→ **WHAT TO PRODUCE**
In the data below, find every line that has the string "construction", and copy it.

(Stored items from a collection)

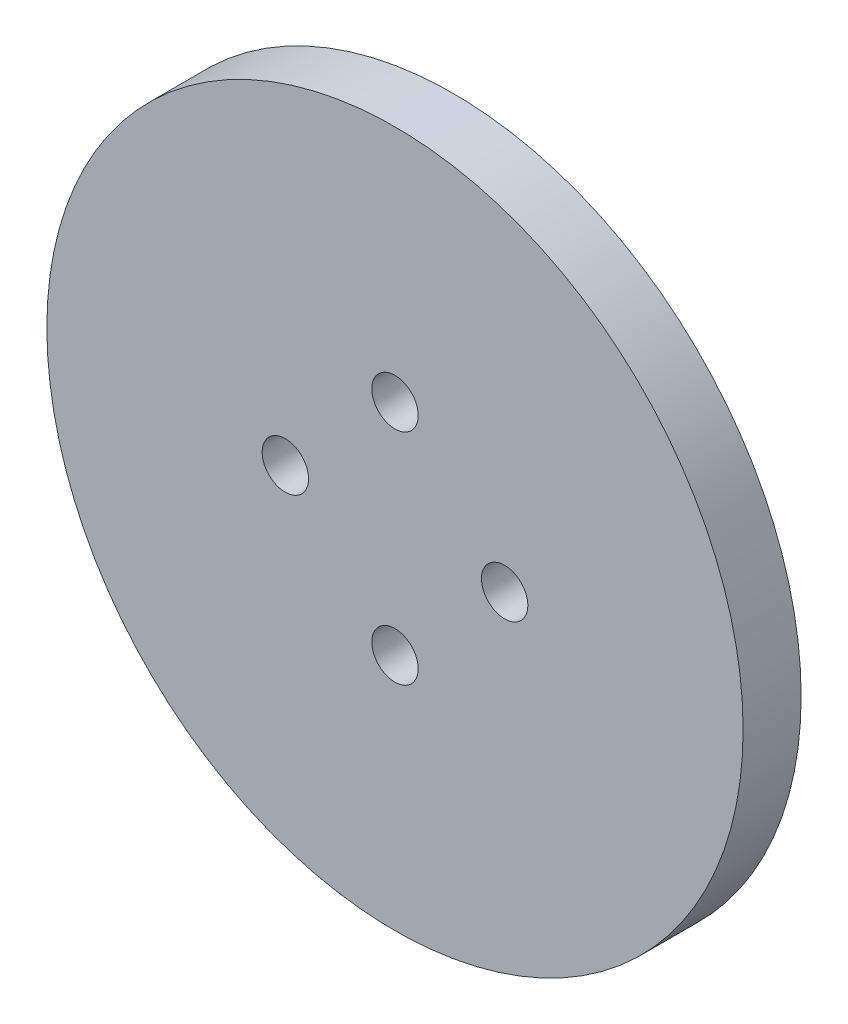
SolidWorks part; units mm, degrees
ref_plane "Front Plane" through (0, 0, 0) normal (0, 0, 1) x (1, 0, 0)
ref_plane "Top Plane" through (0, 0, 0) normal (0, 1, 0) x (1, 0, 0)
ref_plane "Right Plane" through (0, 0, 0) normal (1, 0, 0) x (0, 0, -1)
sketch "Sketch1" plane through (0, 0, 0) normal (0, 0, 1) x (1, 0, 0)
  circle A0 centre (0, 0) radius 38.1
  circle A1 centre (12, 0) radius 2.54
  circle A2 centre (0, -12) radius 2.54
  circle A3 centre (-12, 0) radius 2.54
  circle A4 centre (0, 12) radius 2.54
  point P5 (-1.7053, -13.9535)
  point P14 (0, 0)
  dimension "D1" = 76.2
  dimension "D2" = 5.08
  dimension "D3" = 12
  dimension "D4" = 4
extrude "Boss-Extrude1" add sketch "Sketch1" along normal blind 6.35
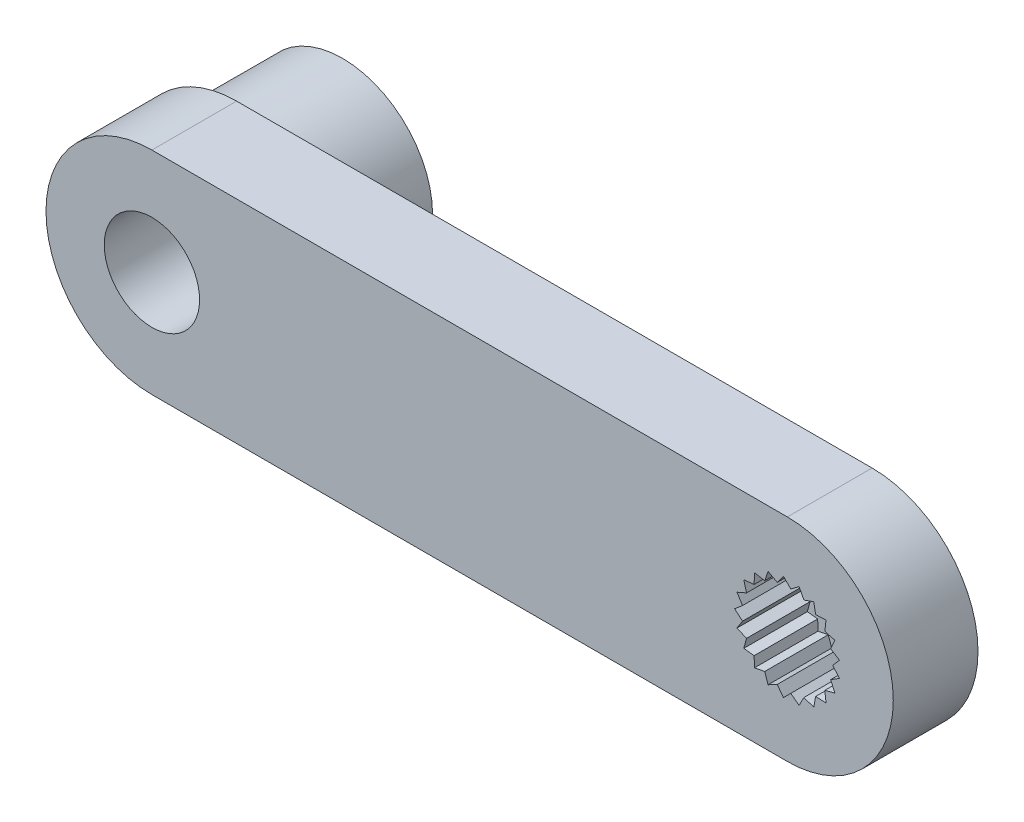
SolidWorks part; units mm, degrees
material "PET"
ref_plane "Front Plane" through (0, 0, 0) normal (0, 0, 1) x (1, 0, 0)
ref_plane "Top Plane" through (0, 0, 0) normal (0, 1, 0) x (1, 0, 0)
ref_plane "Right Plane" through (0, 0, 0) normal (1, 0, 0) x (0, 0, -1)
sketch "Sketch1" plane through (0, 0, 0) normal (0, 0, 1) x (1, 0, 0)
  line L0 (0, 0) -> (30, 0) construction
  line L1 (0, 5) -> (30, 5)
  line L2 (0, -5) -> (30, -5)
  arc A0 (0, 5) -> (0, -5) centre (0, 0) ccw
  arc A1 (30, -5) -> (30, 5) centre (30, 0) ccw
  circle A2 centre (0, 0) radius 2.25
  circle A4 centre (30, 0) radius 1
  point P3 (15, 0)
  dimension "D1" = 5
  dimension "D3" = 4.5
  dimension "D4" = 2
  dimension "D2" = 30
extrude "Boss-Extrude1" add sketch "Sketch1" along normal mid plane 4
sketch "Sketch2" plane through (0, 0, 2) normal (0, 0, 1) x (1, 0, 0)
  circle A0 centre (30, 0) radius 2.49
  circle A1 centre (30, 0) radius 1 construction
  dimension "D1" = 4.98
extrude "Cut-Extrude1" cut sketch "Sketch2" against normal blind 3
sketch "Sketch3" plane through (0, 0, -2) normal (0, 0, -1) x (-1, 0, 0)
  circle A2 centre (-30, 0) radius 3
  circle A4 centre (-30, 0) radius 1 construction
  circle A5 centre (-30, 0) radius 1
  dimension "D1" = 6
extrude "Boss-Extrude2" add sketch "Sketch3" along normal blind 1
sketch "Sketch4" plane through (0, 0, -2) normal (0, 0, -1) x (-1, 0, 0)
  circle A0 centre (0, 0) radius 2.25 construction
  circle A1 centre (0, 0) radius 2.25
  circle A2 centre (0, 0) radius 4.25
  dimension "D1" = 2
extrude "Boss-Extrude3" add sketch "Sketch4" along normal blind 5
sketch "Sketch5" plane through (0, 0, 2) normal (0, 0, 1) x (1, 0, 0)
  line L0 (30, 0) -> (32.49, 0) construction
  line L3 (30, 0) -> (32.4622, 0.3711) construction
  line L4 (32.4622, 0.3711) -> (32.14, 0)
  line L5 (32.14, 0) -> (32.4622, -0.3711)
  circle A0 centre (30, 0) radius 2.49 construction
  arc A1 (32.4622, -0.3711) -> (32.4622, 0.3711) centre (30, 0) ccw
  dimension "D1" = 8.571
  dimension "D2" = 0.35
extrude "Boss-Extrude4" add sketch "Sketch5" against normal blind 3.2
pattern_circular "CirPattern2" count 21 over 360 about axis through (30, 0, 0) along (0, 0, 1) of "Boss-Extrude4"

→ **ANSWER SPACE**
  line L0 (0, 0) -> (30, 0) construction
  circle A1 centre (30, 0) radius 1 construction
  circle A4 centre (-30, 0) radius 1 construction
  circle A0 centre (0, 0) radius 2.25 construction
  line L0 (30, 0) -> (32.49, 0) construction
  line L3 (30, 0) -> (32.4622, 0.3711) construction
  circle A0 centre (30, 0) radius 2.49 construction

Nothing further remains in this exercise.